Eine Wirtschaftlichkeitsprüfung wurde eingeleitet

Wirtschaftlichkeitsprüfungen beginnen grundsätzlich damit, dass dem Vertragsarzt mitgeteilt wird, dass gegen ihn von Amts wegen oder auf Antrag hin eine Wirtschaftlichkeitsprüfung eingeleitet wurde. Meistens erhält der Vertragsarzt ein persönliches Schreiben vom Prüfungsausschuss, in dem zum Beispiel im Falle einer Durchschnittsprüfung darauf hingewiesen wird, dass er im Quartal X/Y den Vergleichswert der Fachgruppe um einen bestimmten Prozentsatz überschritten habe. In diesem Schreiben wird noch keine Maßnahme wegen Unwirtschaftlichkeit festgesetzt.

Was ist nun zu tun?

In dem Schreiben wird der betroffene Vertragsarzt auf die Möglichkeit hingewiesen, zu der behaupteten Überschreitung eine schriftliche Stellungnahme abzugeben, die fast immer an eine Frist (in der Regel zwischen 3 und 4 Wochen) geknüpft ist. Diese Möglichkeit der Stellungnahme sollte auf keinen Fall ungenutzt bleiben! Das Ziel des betroffenen Vertragsarztes muss in diesem frühen Verfahrensstadium sein, die Wirtschaftlichkeit seines Verhaltens darzulegen und damit schon an dieser Stelle das Verfahren zu beenden.

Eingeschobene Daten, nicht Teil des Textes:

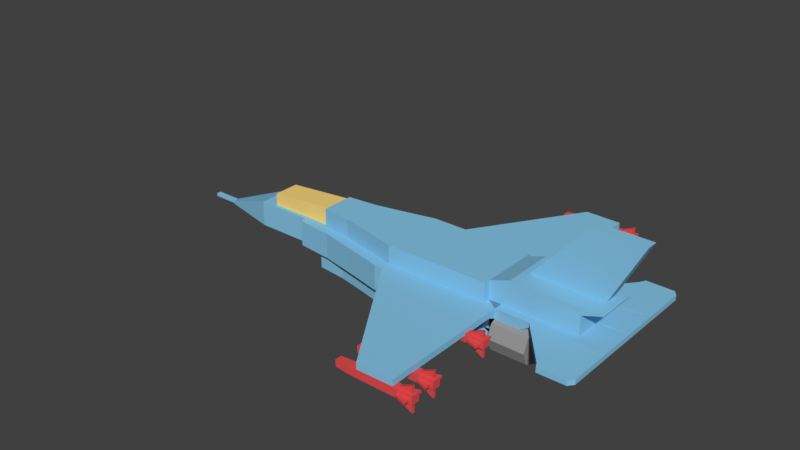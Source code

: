 # Source: Jet_F16.blend  (saved by Blender 2.77.0; exported with 4.5.12 LTS)
import bpy
from mathutils import Matrix  # noqa: F401  (used for matrix-valued properties, if any)

bpy.ops.wm.read_factory_settings(use_empty=True)
scene = bpy.context.scene
scene.name = 'Scene'

# ---- collections
col_collection_1 = bpy.data.collections.new('Collection 1'); scene.collection.children.link(col_collection_1)

# ---- materials (node trees are filled in below, after node groups)
mat_material_004 = bpy.data.materials.new('Material.004')
mat_material_004.alpha_threshold = 0.0
mat_material_004.use_transparent_shadow = False
mat_material_004.diffuse_color = (0.3185, 0.3185, 0.3185, 1.0)
mat_material_004.roughness = 0.5
mat_red = bpy.data.materials.new('Red')
mat_red.alpha_threshold = 0.0
mat_red.use_transparent_shadow = False
mat_red.diffuse_color = (0.8, 0.0804, 0.08657, 1.0)
mat_red.roughness = 0.5
mat_material = bpy.data.materials.new('Material')
mat_material.alpha_threshold = 0.0
mat_material.use_transparent_shadow = False
mat_material.diffuse_color = (0.2444, 0.5649, 0.8, 1.0)
mat_material.roughness = 0.5
mat_material.line_color = (0.0, 0.0, 0.0, 1.0)
mat_orange_001 = bpy.data.materials.new('Orange.001')
mat_orange_001.alpha_threshold = 0.0
mat_orange_001.use_transparent_shadow = False
mat_orange_001.diffuse_color = (1.0, 0.7093, 0.2228, 1.0)
mat_orange_001.roughness = 0.5
mat_orange_001.line_color = (0.0, 0.0, 0.0, 1.0)

# ---- material node trees

# ---- world
world_world = bpy.data.worlds.new('World'); scene.world = world_world
world_world.color = (0.05088, 0.05088, 0.05088)
world_world.use_sun_shadow = False
world_world.sun_shadow_jitter_overblur = 0.0
world_world.cycles.sampling_method = 'MANUAL'

# ---- meshes
me_cylinder_001 = bpy.data.meshes.new('Cylinder.001')
me_cylinder_001.from_pydata([(1.358, 0.653, -0.7577), (1.358, 0.653, 1.242), (2.065, 0.3601, -0.7577), (2.065, 0.3601, 1.242), (2.358, -0.347, -0.7577), (2.358, -0.347, 1.242), (2.065, -1.054, -0.7577), (2.065, -1.054, 1.242), (1.358, -1.347, -0.7577), (1.358, -1.347, 1.242), (0.6511, -1.054, -0.7577), (0.6511, -1.054, 1.242), (0.3582, -0.347, -0.7577), (0.3582, -0.347, 1.242), (0.6511, 0.3601, -0.7577), (0.6511, 0.3601, 1.242), (0.0, 1.0, -1.0), (0.0, 1.0, 1.0), (0.7071, 0.7071, -1.0), (0.7071, 0.7071, 1.0), (1.0, -4.371e-08, -1.0), (1.0, -4.371e-08, 1.0), (0.7071, -0.7071, -1.0), (0.7071, -0.7071, 1.0), (-8.742e-08, -1.0, -1.0), (-8.742e-08, -1.0, 1.0), (-0.7071, -0.7071, -1.0), (-0.7071, -0.7071, 1.0), (-1.0, 1.192e-08, -1.0), (-1.0, 1.192e-08, 1.0), (-0.7071, 0.7071, -1.0), (-0.7071, 0.7071, 1.0), (2.488, 1.0, -1.0), (2.488, 1.0, 1.0), (3.195, 0.7071, -1.0), (3.195, 0.7071, 1.0), (3.488, -8.742e-08, -1.0), (3.488, -7.105e-15, 1.0), (3.195, -0.7071, -1.0), (3.195, -0.7071, 1.0), (2.488, -1.0, -1.0), (2.488, -1.0, 1.0), (1.781, -0.7071, -1.0), (1.781, -0.7071, 1.0), (1.488, -3.179e-08, -1.0), (1.488, 5.564e-08, 1.0), (1.781, 0.7071, -1.0), (1.781, 0.7071, 1.0)], [], [(0, 1, 3, 2), (2, 3, 5, 4), (4, 5, 7, 6), (6, 7, 9, 8), (8, 9, 11, 10), (10, 11, 13, 12), (3, 1, 15, 13, 11, 9, 7, 5), (12, 13, 15, 14), (14, 15, 1, 0), (0, 2, 4, 6, 8, 10, 12, 14), (16, 17, 19, 18), (18, 19, 21, 20), (20, 21, 23, 22), (22, 23, 25, 24), (24, 25, 27, 26), (26, 27, 29, 28), (19, 17, 31, 29, 27, 25, 23, 21), (28, 29, 31, 30), (30, 31, 17, 16), (16, 18, 20, 22, 24, 26, 28, 30), (32, 33, 35, 34), (34, 35, 37, 36), (36, 37, 39, 38), (38, 39, 41, 40), (40, 41, 43, 42), (42, 43, 45, 44), (35, 33, 47, 45, 43, 41, 39, 37), (44, 45, 47, 46), (46, 47, 33, 32), (32, 34, 36, 38, 40, 42, 44, 46)])
me_cylinder_001.materials.append(mat_material_004)
me_cylinder_001.use_remesh_preserve_volume = False
me_cylinder_001.use_remesh_preserve_attributes = False
me_cylinder_001.use_mirror_vertex_groups = False
me_cylinder_001.update()
me_cube_004 = bpy.data.meshes.new('Cube.004')
me_cube_004.from_pydata([(-10.43, -1.0, -1.0), (-10.43, -1.0, 1.0), (-10.43, 1.0, -1.0), (-10.43, 1.0, 1.0), (1.0, -1.0, -1.0), (1.0, -1.0, 1.0), (1.0, 1.0, -1.0), (1.0, 1.0, 1.0), (-14.18, -0.8152, -0.8152), (-14.18, -0.8152, 0.8152), (-14.18, 0.8152, 0.8152), (-14.18, 0.8152, -0.8152), (5.012, 1.0, 1.0), (5.012, 1.0, -1.0), (5.012, -1.0, 1.0), (5.012, -1.0, -1.0), (1.387, 0.3327, 1.0), (1.387, -0.3327, 1.0), (4.532, 0.3327, 1.0), (4.532, -0.3327, 1.0), (1.388, -0.3378, -1.0), (1.388, 0.3378, -1.0), (4.532, -0.3378, -1.0), (4.532, 0.3378, -1.0), (1.465, 1.0, 0.2916), (1.465, 1.0, -0.2916), (4.408, 1.0, 0.2916), (4.408, 1.0, -0.2916), (1.484, -1.0, 0.2972), (1.484, -1.0, -0.2972), (4.389, -1.0, 0.2972), (4.389, -1.0, -0.2972), (1.484, -1.648, 0.2972), (1.484, -1.648, -0.2972), (4.389, -2.675, 0.2972), (4.389, -2.675, -0.2972), (1.465, 1.478, 0.2916), (1.465, 1.478, -0.2916), (4.408, 2.531, 0.2916), (4.408, 2.531, -0.2916), (1.387, 0.3327, 1.447), (1.387, -0.3327, 1.447), (4.532, 0.3327, 2.86), (4.532, -0.3327, 2.86), (1.388, -0.3378, -1.663), (1.388, 0.3378, -1.663), (4.532, -0.3378, -3.449), (4.532, 0.3378, -3.449), (-9.987, 24.96, -1.475), (-9.987, 24.96, 0.5255), (-9.987, 26.96, -1.475), (-9.987, 26.96, 0.5255), (1.444, 24.96, -1.475), (1.444, 24.96, 0.5255), (1.444, 26.96, -1.475), (1.444, 26.96, 0.5255), (-13.74, 25.15, -1.29), (-13.74, 25.15, 0.3407), (-13.74, 26.78, 0.3407), (-13.74, 26.78, -1.29), (5.455, 26.96, 0.5255), (5.455, 26.96, -1.475), (5.455, 24.96, 0.5255), (5.455, 24.96, -1.475), (1.831, 26.3, 0.5255), (1.831, 25.63, 0.5255), (4.976, 26.3, 0.5255), (4.976, 25.63, 0.5255), (1.831, 25.63, -1.475), (1.831, 26.3, -1.475), (4.975, 25.63, -1.475), (4.975, 26.3, -1.475), (1.908, 26.96, -0.1829), (1.908, 26.96, -0.7661), (4.852, 26.96, -0.1829), (4.852, 26.96, -0.7661), (1.928, 24.96, -0.1773), (1.928, 24.96, -0.7717), (4.832, 24.96, -0.1773), (4.832, 24.96, -0.7717), (1.928, 24.32, -0.1773), (1.928, 24.32, -0.7717), (4.832, 23.29, -0.1773), (4.832, 23.29, -0.7717), (1.908, 27.44, -0.1829), (1.908, 27.44, -0.7661), (4.852, 28.49, -0.1829), (4.852, 28.49, -0.7661), (1.831, 26.3, 0.9727), (1.831, 25.63, 0.9727), (4.976, 26.3, 2.385), (4.976, 25.63, 2.385), (1.831, 25.63, -2.138), (1.831, 26.3, -2.138), (4.975, 25.63, -3.923), (4.975, 26.3, -3.923), (-9.987, 18.71, -1.475), (-9.987, 18.71, 0.5255), (-9.987, 20.71, -1.475), (-9.987, 20.71, 0.5255), (1.444, 18.71, -1.475), (1.444, 18.71, 0.5255), (1.444, 20.71, -1.475), (1.444, 20.71, 0.5255), (-13.74, 18.89, -1.29), (-13.74, 18.89, 0.3407), (-13.74, 20.52, 0.3407), (-13.74, 20.52, -1.29), (5.455, 20.71, 0.5255), (5.455, 20.71, -1.475), (5.455, 18.71, 0.5255), (5.455, 18.71, -1.475), (1.831, 20.04, 0.5255), (1.831, 19.38, 0.5255), (4.976, 20.04, 0.5255), (4.976, 19.38, 0.5255), (1.831, 19.37, -1.475), (1.831, 20.05, -1.475), (4.975, 19.37, -1.475), (4.975, 20.05, -1.475), (1.908, 20.71, -0.1829), (1.908, 20.71, -0.7661), (4.852, 20.71, -0.1829), (4.852, 20.71, -0.7661), (1.928, 18.71, -0.1773), (1.928, 18.71, -0.7717), (4.832, 18.71, -0.1773), (4.832, 18.71, -0.7717), (1.928, 18.06, -0.1773), (1.928, 18.06, -0.7717), (4.832, 17.03, -0.1773), (4.832, 17.03, -0.7717), (1.908, 21.19, -0.1829), (1.908, 21.19, -0.7661), (4.852, 22.24, -0.1829), (4.852, 22.24, -0.7661), (1.831, 20.04, 0.9727), (1.831, 19.38, 0.9727), (4.976, 20.04, 2.385), (4.976, 19.38, 2.385), (1.831, 19.37, -2.138), (1.831, 20.05, -2.138), (4.975, 19.37, -3.923), (4.975, 20.05, -3.923), (-10.43, -34.02, -1.0), (-10.43, -34.02, 1.0), (-10.43, -32.02, -1.0), (-10.43, -32.02, 1.0), (1.0, -34.02, -1.0), (1.0, -34.02, 1.0), (1.0, -32.02, -1.0), (1.0, -32.02, 1.0), (-14.18, -33.83, -0.8152), (-14.18, -33.83, 0.8152), (-14.18, -32.2, 0.8152), (-14.18, -32.2, -0.8152), (5.012, -32.02, 1.0), (5.012, -32.02, -1.0), (5.012, -34.02, 1.0), (5.012, -34.02, -1.0), (1.387, -32.69, 1.0), (1.387, -33.35, 1.0), (4.532, -32.69, 1.0), (4.532, -33.35, 1.0), (1.388, -33.36, -1.0), (1.388, -32.68, -1.0), (4.532, -33.36, -1.0), (4.532, -32.68, -1.0), (1.465, -32.02, 0.2916), (1.465, -32.02, -0.2916), (4.408, -32.02, 0.2916), (4.408, -32.02, -0.2916), (1.484, -34.02, 0.2972), (1.484, -34.02, -0.2972), (4.389, -34.02, 0.2972), (4.389, -34.02, -0.2972), (1.484, -34.67, 0.2972), (1.484, -34.67, -0.2972), (4.389, -35.69, 0.2972), (4.389, -35.69, -0.2972), (1.465, -31.54, 0.2916), (1.465, -31.54, -0.2916), (4.408, -30.49, 0.2916), (4.408, -30.49, -0.2916), (1.387, -32.69, 1.447), (1.387, -33.35, 1.447), (4.532, -32.69, 2.86), (4.532, -33.35, 2.86), (1.388, -33.36, -1.663), (1.388, -32.68, -1.663), (4.532, -33.36, -3.449), (4.532, -32.68, -3.449), (-9.987, -56.67, -1.475), (-9.987, -56.67, 0.5255), (-9.987, -54.67, -1.475), (-9.987, -54.67, 0.5255), (1.444, -56.67, -1.475), (1.444, -56.67, 0.5255), (1.444, -54.67, -1.475), (1.444, -54.67, 0.5255), (-13.74, -56.49, -1.29), (-13.74, -56.49, 0.3407), (-13.74, -54.86, 0.3407), (-13.74, -54.86, -1.29), (5.455, -54.67, 0.5255), (5.455, -54.67, -1.475), (5.455, -56.67, 0.5255), (5.455, -56.67, -1.475), (1.831, -55.34, 0.5255), (1.831, -56.01, 0.5255), (4.976, -55.34, 0.5255), (4.976, -56.01, 0.5255), (1.831, -56.01, -1.475), (1.831, -55.33, -1.475), (4.975, -56.01, -1.475), (4.975, -55.33, -1.475), (1.908, -54.67, -0.1829), (1.908, -54.67, -0.7661), (4.852, -54.67, -0.1829), (4.852, -54.67, -0.7661), (1.928, -56.67, -0.1773), (1.928, -56.67, -0.7717), (4.832, -56.67, -0.1773), (4.832, -56.67, -0.7717), (1.928, -57.32, -0.1773), (1.928, -57.32, -0.7717), (4.832, -58.35, -0.1773), (4.832, -58.35, -0.7717), (1.908, -54.19, -0.1829), (1.908, -54.19, -0.7661), (4.852, -53.14, -0.1829), (4.852, -53.14, -0.7661), (1.831, -55.34, 0.9727), (1.831, -56.01, 0.9727), (4.976, -55.34, 2.385), (4.976, -56.01, 2.385), (1.831, -56.01, -2.138), (1.831, -55.33, -2.138), (4.975, -56.01, -3.923), (4.975, -55.33, -3.923), (-9.987, -50.42, -1.475), (-9.987, -50.42, 0.5255), (-9.987, -48.42, -1.475), (-9.987, -48.42, 0.5255), (1.444, -50.42, -1.475), (1.444, -50.42, 0.5255), (1.444, -48.42, -1.475), (1.444, -48.42, 0.5255), (-13.74, -50.23, -1.29), (-13.74, -50.23, 0.3407), (-13.74, -48.6, 0.3407), (-13.74, -48.6, -1.29), (5.455, -48.42, 0.5255), (5.455, -48.42, -1.475), (5.455, -50.42, 0.5255), (5.455, -50.42, -1.475), (1.831, -49.09, 0.5255), (1.831, -49.75, 0.5255), (4.976, -49.09, 0.5255), (4.976, -49.75, 0.5255), (1.831, -49.76, -1.475), (1.831, -49.08, -1.475), (4.975, -49.76, -1.475), (4.975, -49.08, -1.475), (1.908, -48.42, -0.1829), (1.908, -48.42, -0.7661), (4.852, -48.42, -0.1829), (4.852, -48.42, -0.7661), (1.928, -50.42, -0.1773), (1.928, -50.42, -0.7717), (4.832, -50.42, -0.1773), (4.832, -50.42, -0.7717), (1.928, -51.07, -0.1773), (1.928, -51.07, -0.7717), (4.832, -52.09, -0.1773), (4.832, -52.09, -0.7717), (1.908, -47.94, -0.1829), (1.908, -47.94, -0.7661), (4.852, -46.89, -0.1829), (4.852, -46.89, -0.7661), (1.831, -49.09, 0.9727), (1.831, -49.75, 0.9727), (4.976, -49.09, 2.385), (4.976, -49.75, 2.385), (1.831, -49.76, -2.138), (1.831, -49.08, -2.138), (4.975, -49.76, -3.923), (4.975, -49.08, -3.923)], [], [(2, 0, 8, 11), (3, 7, 6, 2), (7, 5, 17, 16), (5, 1, 0, 4), (0, 2, 6, 4), (5, 7, 3, 1), (9, 10, 11, 8), (1, 3, 10, 9), (3, 2, 11, 10), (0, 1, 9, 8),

Ausschluss von Argumenten (Präklusion)

Abgesehen davon ist zu berücksichtigen, dass nur im Verfahren vor den Prüfungs- und Beschwerdeausschüssen Praxisbesonderheiten und kompensatorische Einsparungen vorgetragen werden dürfen! Werden derartige Einwendungen erstmals im Gerichtsverfahren erhoben, so bleiben sie nach anerkannter bundessozialgerichtlicher Rechtsprechung unberücksichtigt - und zwar auch dann, wenn sie zutreffen und geeignet wären, statistische Auffälligkeiten zu rechtfertigen! Jeder Vertragsarzt hat somit im Verfahren zur Überprüfung der Wirtschaftlichkeit eine Mitwirkungspflicht! Bevor er aber eine Stellungnahme abgeben kann, muss der Vertragsarzt klären, in welchem Bereich seiner ärztlichen Tätigkeit er auffällig geworden ist: handelt es sich um eine Überschreitung bezüglich der ärztlichen Behandlungsweise oder der ärztlichen Verordnungsweise? Je nachdem ist darzulegen, warum die vorgenommenen ärztlichen Behandlungen der Patienten beziehungsweise deren Versorgung mit Arzneimitteln in dem betreffenden Quartal oder Jahr wirtschaftlich waren.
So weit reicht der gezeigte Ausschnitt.